2 Department of Radiology, Thomas Jefferson University Hospital, Philadelphia,
PA.
Received June 8, 2004;
accepted after revision October 6, 2004.
Address correspondence to L. M. Fayad
(lfayad1{at}jhmi.edu).
Abstract
OBJECTIVE. Our objective was to describe the technique and utility
of functional MR cholangiography (fMRC) in the evaluation of the gallbladder
and biliary tree.
CONCLUSION. FMRC has the potential to provide a comprehensive
examination for the anatomic and functional assessment of the gallbladder and
biliary tree.
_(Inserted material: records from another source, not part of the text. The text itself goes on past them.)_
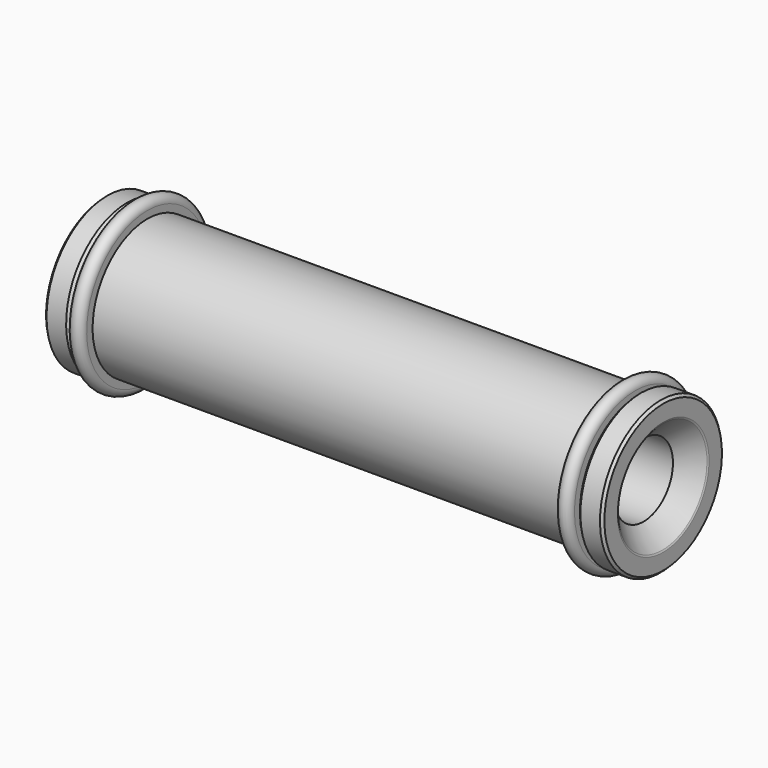
from build123d import *

# Parameters (mm, degrees)
F2_SIZE = 4


# Not quite as in the source:
# - a fillet or chamfer that OpenCascade refuses, or shapes differently, is made with other operations: its cross-section is extruded or revolved along the edge and cut away or added


with BuildPart() as f1:
    # F0 (on Front) → F1 (revolve)
    with BuildSketch(Plane.XZ):
        with BuildLine():
            Line((-55, 0), (-55, 7.5))
            Line((-55, 7.5), (55, 7.5))
            Line((55, 7.5), (55, 15.5))
            Line((55, 15.5), (50, 15.5))
            Line((50, 15.5), (50, 13.5))
            Line((50, 13.5), (49.3, 13.5))
            Line((49.3, 13.5), (49.3, 15.5))
            ThreePointArc((49.3, 15.5), (47.8, 17), (46.3, 15.5))
            Line((46.3, 15.5), (46.3, 14))
            Line((46.3, 14), (-50.3, 14))
            Line((-50.3, 14), (-50.3, 15.5))
            ThreePointArc((-50.3, 15.5), (-51.8, 17.0770088649), (-53.3, 15.5))
            Line((-53.3, 15.5), (-53.3, 13.5))
            Line((-53.3, 13.5), (-54, 13.5))
            Line((-54, 13.5), (-54, 15.5))
            Line((-54, 15.5), (-59, 15.5))
            Line((-59, 15.5), (-59, 0))
            Line((-59, 0), (-55, 0))
        make_face()
    revolve(axis=Axis((-4.5135766268, 0, 0), (1, 0, 0)))

    # F2
    f2_edges = [f1.edges().sort_by_distance(p)[0] for p in [
        (55, 0, -7.5),
    ]]
    chamfer(f2_edges, length=F2_SIZE)

    # F3: chamfer of 0.5 on 5 edges, made by hand

    # F3_s1 → F3_t2 (revolve, cut)
    with BuildSketch(Plane.XZ):
        Polygon((55, 15), (54.5, 15.5), (55, 15.5), align=None)
    revolve(axis=Axis((55, 0, 0), (1, 0, 0)), mode=Mode.SUBTRACT)

    # F3_s3 → F3_t4 (revolve, cut)
    with BuildSketch(Plane.XZ):
        Polygon((54.8535533906, 11.3535533906), (55, 11.7071067812), (55, 11.5), align=None)
    revolve(axis=Axis((55, 0, 0), (1, 0, 0)), mode=Mode.SUBTRACT)

    # F3_s5 → F3_t6 (revolve, cut)
    with BuildSketch(Plane.XZ):
        Polygon((-58.5, 15.5), (-59, 15), (-59, 15.5), align=None)
    revolve(axis=Axis((-59, 0, 0), (1, 0, 0)), mode=Mode.SUBTRACT)

    # F3_s7 → F3_t8 (revolve, cut)
    with BuildSketch(Plane.XZ):
        Polygon((-54, 15), (-54.5, 15.5), (-54, 15.5), align=None)
    revolve(axis=Axis((-54, 0, 0), (1, 0, 0)), mode=Mode.SUBTRACT)

    # F3_s9 → F3_t10 (revolve, cut)
    with BuildSketch(Plane.XZ):
        Polygon((50.5, 15.5), (50, 15), (50, 15.5), align=None)
    revolve(axis=Axis((50, 0, 0), (1, 0, 0)), mode=Mode.SUBTRACT)


solid = f1.part
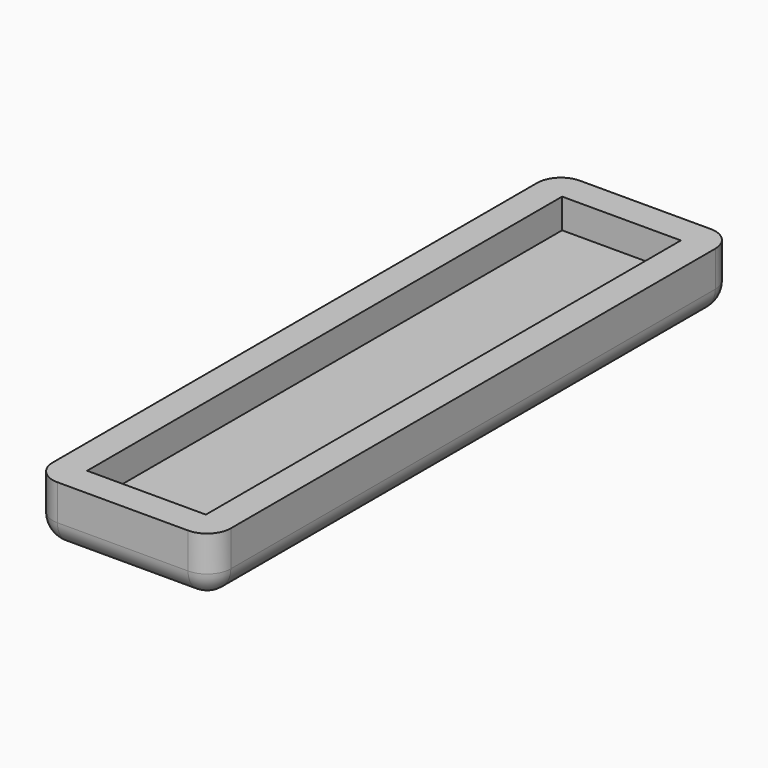
from build123d import *

# Parameters (mm, degrees)
F0_W     = 38.1
F0_H     = 139.7
F0_W_2   = 25.4
F0_H_2   = 127
F1_DEPTH = 12.7
F2_DEPTH = 6.35
F3_F1_R  = 5.08
F3_F2_R  = 5.08
F3_F3_R  = 5.08
F3_F4_R  = 5.08
F3_F5_R  = 5.08


# Not quite as in the source:
# - a feature of the source that left no trace in its solid (it failed there, or was rolled back) is left out


with BuildPart() as f1:
    # F0 (on Top) → F1 (new body)
    with BuildSketch(Plane.XY):
        Rectangle(F0_W, F0_H)
        Rectangle(F0_W_2, F0_H_2, mode=Mode.SUBTRACT)
    extrude(amount=F1_DEPTH)

    # F0 (on Top) → F2 (join)
    with BuildSketch(Plane.XY):
        Rectangle(F0_W_2, F0_H_2)
    extrude(amount=F2_DEPTH)

    # F3: fillet of radius 5.08 on 6 edges, made by hand

    # F3_f1
    f3_f1_edges = [f1.edges().sort_by_distance(p)[0] for p in [
        (19.05, -69.85, 6.35),
    ]]
    fillet(f3_f1_edges, radius=F3_F1_R)

    # F3_f2
    f3_f2_edges = [f1.edges().sort_by_distance(p)[0] for p in [
        (19.05, 69.85, 6.35),
    ]]
    fillet(f3_f2_edges, radius=F3_F2_R)

    # F3_f3
    f3_f3_edges = [f1.edges().sort_by_distance(p)[0] for p in [
        (-19.05, -69.85, 6.35),
    ]]
    fillet(f3_f3_edges, radius=F3_F3_R)

    # F3_f4
    f3_f4_edges = [f1.edges().sort_by_distance(p)[0] for p in [
        (-19.05, 69.85, 6.35),
    ]]
    fillet(f3_f4_edges, radius=F3_F4_R)

    # F3_f5
    f3_f5_edges = [f1.edges().sort_by_distance(p)[0] for p in [
        (0, 69.85, 0),
    ]]
    fillet(f3_f5_edges, radius=F3_F5_R)


solid = f1.part

Complex anatomic abnormalities and functional disorders can be
shown by fMRC, including biliary obstruction and extravasation.
Introduction
Functional MR cholangiography (fMRC) is an emerging technique that has the
potential to provide a comprehensive evaluation for the anatomic and
functional assessment of the gallbladder and biliary tree. FMRC is performed
with a contrast agent such as mangafodipir trisodium (Teslascan, Nycomed
Amersham), which is excreted via the biliary system, where it causes T1
shortening of bile [1]. Hence,
an fMRC sequence can be performed as a high-resolution T1-weighted 3D
gradient-recalled echo (GRE) sequence. With its intrinsic high signal-to-noise
ratio, this sequence affords a smaller pixel size than that achieved by
conventional single-shot fast spin-echo MRC, sonography, and scinitigraphy. As
such, not only can anatomic abnormalities such as strictures, filling defects,
and subtle ductal anomalies be detected, but functional abnormalities such as
cholecystitis, ductal obstruction, and biliary extravasation can be
definitively established. In this pictorial essay, we will discuss the fMRC
technique, its advantages over other techniques, and provide examples that
illustrate the value of fMRC (Figs.
1A,
1B,
1C,
2A,
2B,
2C,
2D,
2E,
3A,
3B,
4A,
4B,
5A,
5B,
5C,
6A,
6B,
7A,
7B,
7C,
8,
9,
10A,
10B,
11A,
11B,
11C,
11D).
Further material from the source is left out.